Cloning one or more fragments into your final vector
The following protocol walks you through the steps for designing PCR primers to seamlessly clone one or more fragments into any destination vector with In-Fusion Cloning. Use our online primer design tool to:
choose settings specific to your method of vector linearization,
add and delete vector and insert sequences,
arrange your inserts in a specific order,
choose the cloning locus (independent of restriction sites), and
download primer and PCR information based on your design.
Be sure that 'Cloning' is selected in the "Select Project Type" box in the left column. ('Cloning' will be selected by default upon opening the primer design tool.)
B. Select destination vector
Use the "Destination Vector" box to input your vector sequence in one of the following ways:
Provide your own vector sequence
Click on 'Input full vector sequence'.
Paste your nucleotide sequence into the text box as plain text, without nucleotide or line numbering.
Choose from the preloaded list of vectors
Click on the plus sign next to "Select a Takara or Clontech Vector".
Choose a vector from the list.
NOTE: You can delete a vector sequence by hovering the mouse over the sequence in the "Destination Vector" window and clicking on the trash can () icon that appears.
C. Select linearization method
Use the "Linearize by" box to select one of three options for linearizing your destination vector: Restriction Digest, PCR, Already Linearized. Restriction digest
Click on the 'Restriction Digest' option. Available restriction enzyme sites will be displayed on the vector map to the right.
NOTE: To see enzymes with different numbers of cut sites, or to choose enzymes by name, click on the down arrow icon () in the "Search cut sites" text box.
Choose your restriction site(s) in the vector map by clicking on each desired enzyme. The selected enzyme names will populate at the bottom of the window with their cut sites indicated.
NOTE: If you want to generate primers that preserve the restriction site(s) in your final construct, click on the 'Include restriction site in final product' checkbox.
PCR
Click on the 'PCR' option.
Click on the vector to indicate the point at which the insert should be placed, or click and drag on the vector to indicate the region which should be replaced by the insert. You can also select the insert site by typing in the appropriate nucleotide numbers in the boxes below the map.
Prelinearized vector
To select a prelinearized vector, click the 'Already Linearized' option. The map will display the vector in linear format.
D. Enter insert sequence(s)
Add your first insert sequence to the "Add Inserts" box by either:
Clicking on 'Input insert sequence' and pasting your nucleotide sequence into the text box
Clicking on the up arrow icon () to upload a vector file (.fasta or .gb format) into the text box. You can also drag and drop vector files into the text box.
NOTE: If you are cloning just one insert into your vector, skip to Step 4.
For multiple-insert cloning projects, click "+ Add another insert". A new insert box will appear.

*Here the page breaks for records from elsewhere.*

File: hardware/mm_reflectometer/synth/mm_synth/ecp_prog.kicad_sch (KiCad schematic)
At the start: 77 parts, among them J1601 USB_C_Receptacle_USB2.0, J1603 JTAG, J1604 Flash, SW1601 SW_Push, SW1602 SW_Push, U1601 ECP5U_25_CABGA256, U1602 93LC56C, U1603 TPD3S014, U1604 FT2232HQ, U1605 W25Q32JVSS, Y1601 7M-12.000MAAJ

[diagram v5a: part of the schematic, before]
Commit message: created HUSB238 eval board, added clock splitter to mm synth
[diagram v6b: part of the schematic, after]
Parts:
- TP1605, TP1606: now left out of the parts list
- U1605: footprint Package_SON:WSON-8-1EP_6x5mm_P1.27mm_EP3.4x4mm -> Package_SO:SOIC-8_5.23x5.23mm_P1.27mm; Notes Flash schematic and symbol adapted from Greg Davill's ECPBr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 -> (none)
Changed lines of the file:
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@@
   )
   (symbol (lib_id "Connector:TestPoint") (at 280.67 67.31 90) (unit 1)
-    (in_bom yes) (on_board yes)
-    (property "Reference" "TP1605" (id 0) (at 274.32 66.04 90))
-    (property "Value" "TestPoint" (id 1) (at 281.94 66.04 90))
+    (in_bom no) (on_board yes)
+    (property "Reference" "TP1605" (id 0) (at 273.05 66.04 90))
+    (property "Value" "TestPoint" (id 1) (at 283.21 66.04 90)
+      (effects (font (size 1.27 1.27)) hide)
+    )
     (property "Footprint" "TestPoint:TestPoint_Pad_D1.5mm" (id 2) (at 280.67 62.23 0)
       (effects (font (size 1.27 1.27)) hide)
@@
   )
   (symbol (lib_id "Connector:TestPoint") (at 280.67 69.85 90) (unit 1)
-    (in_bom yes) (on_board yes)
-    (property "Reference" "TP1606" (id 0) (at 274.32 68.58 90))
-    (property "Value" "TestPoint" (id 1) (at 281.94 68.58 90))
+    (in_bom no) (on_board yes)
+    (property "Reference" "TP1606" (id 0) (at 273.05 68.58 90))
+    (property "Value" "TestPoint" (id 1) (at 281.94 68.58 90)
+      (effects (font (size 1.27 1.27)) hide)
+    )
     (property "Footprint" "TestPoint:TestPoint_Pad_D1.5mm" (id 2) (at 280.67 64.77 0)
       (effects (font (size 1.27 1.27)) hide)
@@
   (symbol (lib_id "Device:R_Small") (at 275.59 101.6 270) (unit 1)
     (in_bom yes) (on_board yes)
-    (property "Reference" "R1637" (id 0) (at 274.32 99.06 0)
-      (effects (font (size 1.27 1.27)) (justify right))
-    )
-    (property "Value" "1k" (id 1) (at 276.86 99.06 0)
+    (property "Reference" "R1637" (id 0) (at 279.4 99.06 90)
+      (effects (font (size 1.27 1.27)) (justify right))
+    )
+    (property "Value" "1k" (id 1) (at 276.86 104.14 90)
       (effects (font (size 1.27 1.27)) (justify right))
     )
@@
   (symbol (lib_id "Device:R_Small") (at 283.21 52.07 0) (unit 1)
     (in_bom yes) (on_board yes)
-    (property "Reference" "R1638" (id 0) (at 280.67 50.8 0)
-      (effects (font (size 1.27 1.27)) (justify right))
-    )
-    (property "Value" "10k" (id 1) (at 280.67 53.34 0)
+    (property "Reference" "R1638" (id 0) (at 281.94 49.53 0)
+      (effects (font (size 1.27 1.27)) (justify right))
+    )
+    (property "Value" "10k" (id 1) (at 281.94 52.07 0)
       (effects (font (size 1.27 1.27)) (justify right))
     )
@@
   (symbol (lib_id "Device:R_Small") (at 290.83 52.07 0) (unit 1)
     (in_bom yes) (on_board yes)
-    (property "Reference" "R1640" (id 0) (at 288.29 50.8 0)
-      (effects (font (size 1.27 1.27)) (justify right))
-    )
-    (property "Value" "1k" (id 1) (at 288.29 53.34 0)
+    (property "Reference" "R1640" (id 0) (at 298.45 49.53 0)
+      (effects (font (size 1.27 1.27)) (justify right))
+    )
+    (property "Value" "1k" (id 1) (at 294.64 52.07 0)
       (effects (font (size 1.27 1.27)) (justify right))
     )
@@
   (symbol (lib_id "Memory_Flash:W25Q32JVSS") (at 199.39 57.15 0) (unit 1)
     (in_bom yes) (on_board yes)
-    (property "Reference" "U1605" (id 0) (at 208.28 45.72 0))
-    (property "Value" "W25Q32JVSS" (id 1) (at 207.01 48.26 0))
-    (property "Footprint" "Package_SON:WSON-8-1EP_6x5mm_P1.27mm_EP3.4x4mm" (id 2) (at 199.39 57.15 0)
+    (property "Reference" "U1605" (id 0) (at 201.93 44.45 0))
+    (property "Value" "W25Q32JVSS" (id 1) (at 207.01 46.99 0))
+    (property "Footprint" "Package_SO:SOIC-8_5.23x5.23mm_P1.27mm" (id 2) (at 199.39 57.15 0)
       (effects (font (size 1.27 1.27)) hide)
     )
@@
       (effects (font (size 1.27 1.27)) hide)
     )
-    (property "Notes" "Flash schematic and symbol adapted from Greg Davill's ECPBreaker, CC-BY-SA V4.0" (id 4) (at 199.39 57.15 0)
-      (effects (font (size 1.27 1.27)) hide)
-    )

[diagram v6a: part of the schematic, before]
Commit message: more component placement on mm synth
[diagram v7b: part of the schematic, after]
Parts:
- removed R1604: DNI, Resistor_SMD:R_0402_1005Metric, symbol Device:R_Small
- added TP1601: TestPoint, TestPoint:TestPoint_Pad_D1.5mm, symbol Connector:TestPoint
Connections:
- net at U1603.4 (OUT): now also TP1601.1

Enter your insert sequence as described in Step 1. Repeat as necessary for each additional insert you want to clone into your vector.
NOTES:
If you need to remove an incorrect insert sequence, hover your mouse over the right side of the insert box. Click on the trash can icon that appears. The insert box will remain, but the sequence will be deleted.
You can also rearrange or delete your insert boxes. Hover your mouse above the insert box you wish to move and two new icons will appear. Click and drag the icon to move the insert box to its correct position. Click the "Remove insert" text icon to remove the insert box completely.
E. Design primers
When you have finished entering your insert(s), click on the [Design Primers] button.
View your results. The window will switch from the Design Page tab to the Results Page tab. This tab is divided into the following sections: your final vector map and sequence, a sequence view of PCR fragment overlaps, and an output protocol with oligo and PCR information (see Step 3).
Download your primer information as an Excel file by clicking the [Download Results] button at the bottom of the page. This data can be entered into any nucleotide sequence analysis software tool, such as SnapGene Viewer (available for free online), which allows easy visualization of In-Fusion Cloning primer locations in both sense and antisense strands.